The experiences of the Children of Israel are figurative of what happens to everyone who is really on the spiritual path. The Children of Israel symbolize anyone who really believes in God and the power of prayer. A mere academic belief in God is of little use. Millions of people say they believe in God, but they do not believe God is particularly interested in them. If you take this attitude then you are not an Israelite in the Bible sense and you can expect no miracles. But if you say, “I believe in the power of God . . . I believe He is interested in me and that I can contact that Power to comfort me, heal me, enlighten me, purify me . . . I believe God is working through me to solve this seemingly insoluble problem” -then your mind is in tune with the Infinite. You are beginning to do some tall-minded thinking. That means the time has come for you to remember the power of the miracle. It means the time has come for a great thing to come into your life.

Jesus said we could move mountains and so we can. He did not mean material mountains. That would only be a conjuring trick. He meant mountains of difficulty and trouble, mountains of fear and frustration and doubt. He said we could do it if we bad sufficient faith in God. There is no limit on the side Of God, but we put a limit on our faith and understanding. That is why some people can demonstrate over some things and others cannot.
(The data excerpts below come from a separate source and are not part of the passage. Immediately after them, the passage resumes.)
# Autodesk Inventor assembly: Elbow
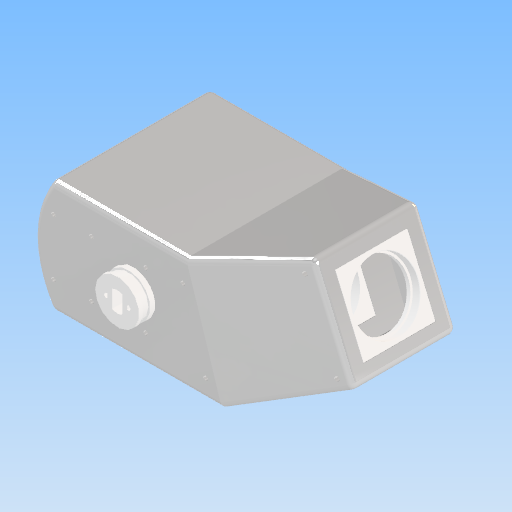
[picture p0: Inventor's stored thumbnail of the model, 512x512]
Saved by Autodesk Inventor 2021 (Build 250183000, 183)
## iProperties
Created: 2020-02-08
Part Number: Elbow
Document SubType Name: Assembly
Designer: JochenAlt
Author: JochenAlt
## Documents named in this file (6)
- D:\Projects\Minibot\CAD\Elbow.iam
- D:\Projects\Minibot\CAD\Elbow.ipt
- D:\Projects\Minibot\CAD\extern\Herkulex\Herkulex DRS-020x.ipt
- D:\Projects\Minibot\CAD\extern\Herkulex\Herkulex DRS-060x.ipt
- C:\Users\Jochen Alt\Documents\Inventor\Content Center Files\R2021\en-US\DIN 912\DIN 912 - M2 x 0.4 x 20 x 19.ipt
- C:\Users\Jochen Alt\Documents\Inventor\Content Center Files\R2021\en-US\DIN 912\DIN 912 - M2 x 0.4 x 8 x 7.ipt
## Components (23 placed, 5 different names)
1. Elbow:1 — Winkel:3, Fluchtend:5, Passend:15, Winkel:4, Passend:17, Insert:1, Insert:4, Insert:5, Insert:6, Insert:7, Insert:8, Insert:9, Insert:10, Insert:11, Insert:12, Insert:13, Insert:14, Insert:15, Insert:16, Insert:17, Insert:18, Insert:19, Insert:20, Insert:21, Insert:22
2. Herkulex DRS-0201:1 — Winkel:4, Passend:17, Passend:18
3. Herkulex DRS-060x:1 — Winkel:3, Fluchtend:5, Passend:15, Passend:18
4. DIN 912 - replaced by DIN EN ISO 4762 M2 x 8:1 — Insert:1
5. DIN 912 - replaced by DIN EN ISO 4762 M2 x 8:2 — Insert:4
6. DIN 912 - replaced by DIN EN ISO 4762 M2 x 8:3 — Insert:5
7. DIN 912 - replaced by DIN EN ISO 4762 M2 x 8:4 — Insert:6
8. DIN 912 - replaced by DIN EN ISO 4762 M2 x 8:5 — Insert:7
9. DIN 912 - replaced by DIN EN ISO 4762 M2 x 8:6 — Insert:8
10. DIN 912 - replaced by DIN EN ISO 4762 M2 x 20:1 — Insert:9
11. DIN 912 - replaced by DIN EN ISO 4762 M2 x 20:2 — Insert:10
12. DIN 912 - replaced by DIN EN ISO 4762 M2 x 20:3 — Insert:11
13. DIN 912 - replaced by DIN EN ISO 4762 M2 x 20:4 — Insert:12
14. DIN 912 - replaced by DIN EN ISO 4762 M2 x 8:7 — Insert:13
15. DIN 912 - replaced by DIN EN ISO 4762 M2 x 8:8 — Insert:14
16. DIN 912 - replaced by DIN EN ISO 4762 M2 x 8:9 — Insert:15
17. DIN 912 - replaced by DIN EN ISO 4762 M2 x 8:10 — Insert:16
18. DIN 912 - replaced by DIN EN ISO 4762 M2 x 8:11 — Insert:17
19. DIN 912 - replaced by DIN EN ISO 4762 M2 x 8:12 — Insert:18
20. DIN 912 - replaced by DIN EN ISO 4762 M2 x 20:5 — Insert:19
21. DIN 912 - replaced by DIN EN ISO 4762 M2 x 20:6 — Insert:20
22. DIN 912 - replaced by DIN EN ISO 4762 M2 x 20:7 — Insert:21
23. DIN 912 - replaced by DIN EN ISO 4762 M2 x 20:8 — Insert:22
## Relationships (26: Insert 20, Mate 3, Angle 2, Flush 1)
- Winkel:3 [Angle] (90 deg): Elbow:1 ↔ Herkulex DRS-060x:1
- Fluchtend:5 [Flush]: Elbow:1 ↔ Herkulex DRS-060x:1
- Passend:15 [Mate]: Elbow:1 ↔ Herkulex DRS-060x:1
- Winkel:4 [Angle] (180 deg): Elbow:1 ↔ Herkulex DRS-0201:1
- Passend:17 [Mate]: Elbow:1 ↔ Herkulex DRS-0201:1
- Passend:18 [Mate] (1.5 mm): Herkulex DRS-0201:1 ↔ Herkulex DRS-060x:1
- Insert:1: Elbow:1 ↔ DIN 912 - replaced by DIN EN ISO 4762 M2 x 8:1
- Insert:4: Elbow:1 ↔ DIN 912 - replaced by DIN EN ISO 4762 M2 x 8:2
- Insert:5: Elbow:1 ↔ DIN 912 - replaced by DIN EN ISO 4762 M2 x 8:3
- Insert:6: Elbow:1 ↔ DIN 912 - replaced by DIN EN ISO 4762 M2 x 8:4
- Insert:7: Elbow:1 ↔ DIN 912 - replaced by DIN EN ISO 4762 M2 x 8:5
- Insert:8: Elbow:1 ↔ DIN 912 - replaced by DIN EN ISO 4762 M2 x 8:6
- Insert:9: Elbow:1 ↔ DIN 912 - replaced by DIN EN ISO 4762 M2 x 20:1
- Insert:10: Elbow:1 ↔ DIN 912 - replaced by DIN EN ISO 4762 M2 x 20:2
- Insert:11: Elbow:1 ↔ DIN 912 - replaced by DIN EN ISO 4762 M2 x 20:3
- Insert:12: Elbow:1 ↔ DIN 912 - replaced by DIN EN ISO 4762 M2 x 20:4
- Insert:13: Elbow:1 ↔ DIN 912 - replaced by DIN EN ISO 4762 M2 x 8:7
- Insert:14: Elbow:1 ↔ DIN 912 - replaced by DIN EN ISO 4762 M2 x 8:8
- Insert:15: Elbow:1 ↔ DIN 912 - replaced by DIN EN ISO 4762 M2 x 8:9
- Insert:16: Elbow:1 ↔ DIN 912 - replaced by DIN EN ISO 4762 M2 x 8:10
- Insert:17: Elbow:1 ↔ DIN 912 - replaced by DIN EN ISO 4762 M2 x 8:11
- Insert:18: Elbow:1 ↔ DIN 912 - replaced by DIN EN ISO 4762 M2 x 8:12
- Insert:19: Elbow:1 ↔ DIN 912 - replaced by DIN EN ISO 4762 M2 x 20:5
- Insert:20: Elbow:1 ↔ DIN 912 - replaced by DIN EN ISO 4762 M2 x 20:6
- Insert:21: Elbow:1 ↔ DIN 912 - replaced by DIN EN ISO 4762 M2 x 20:7
- Insert:22: Elbow:1 ↔ DIN 912 - replaced by DIN EN ISO 4762 M2 x 20:8

In practice, the only limit on demonstration is, “How well is your mind tuned into God? How tall are you thinking?”

The only difference between Moses and his followers was in the quality of their thinking. Moses thought tall. He got higher in consciousness. His followers groveled down at the level of the problem, and on that basis they would never have been saved. It was only through their higher spiritual selves, symbolized in the story by Moses, that they could get themselves out of difficulty. So long as we wrestle with the problem, we get nowhere. We are trapped in a circular cage and the only way out is through the top.

Every grief or difficulty means the time has come to go a step higher. A problem is not a barrier. It is a challenge. It is important to take the attitude that your spiritual promotion has presented itself in the guise of a problem or difficulty, and you are to take another step forward. And this calls for effort. If you want to go higher, you must climb the steps.

In Paris, up in the Montmartre, a place of fun, art, and gaiety, there stands the beautiful, shining white church of the Sacre Coeur. From almost everywhere in Paris it can be seen standing as a shining white sentinel both day and night. To get up to the Sacre Coeur you wind through endless narrow streets, up, u P, up, with many blind alleys and dead-end streets. Finally, you turn a comer and there stretching up to the Sacre Coeur are dozens of gleaming white steps. It has been a long climb and you are tempted to say, “Oh, I don’t want to climb any more.” But then you would miss the best of all. On the other hand, if you say, “Well, I’ve come this far,” and you climb those steps, you experience one of the unforgettable sights of the world. Lying at your feet is the whole of Paris the River Seine winding like a silver thread, the Eiffel Tower piercing the sky, and the tomb of Napoleon and Notre Dame and many other well- known buildings – all bathed in the golden light of a summer’s afternoon.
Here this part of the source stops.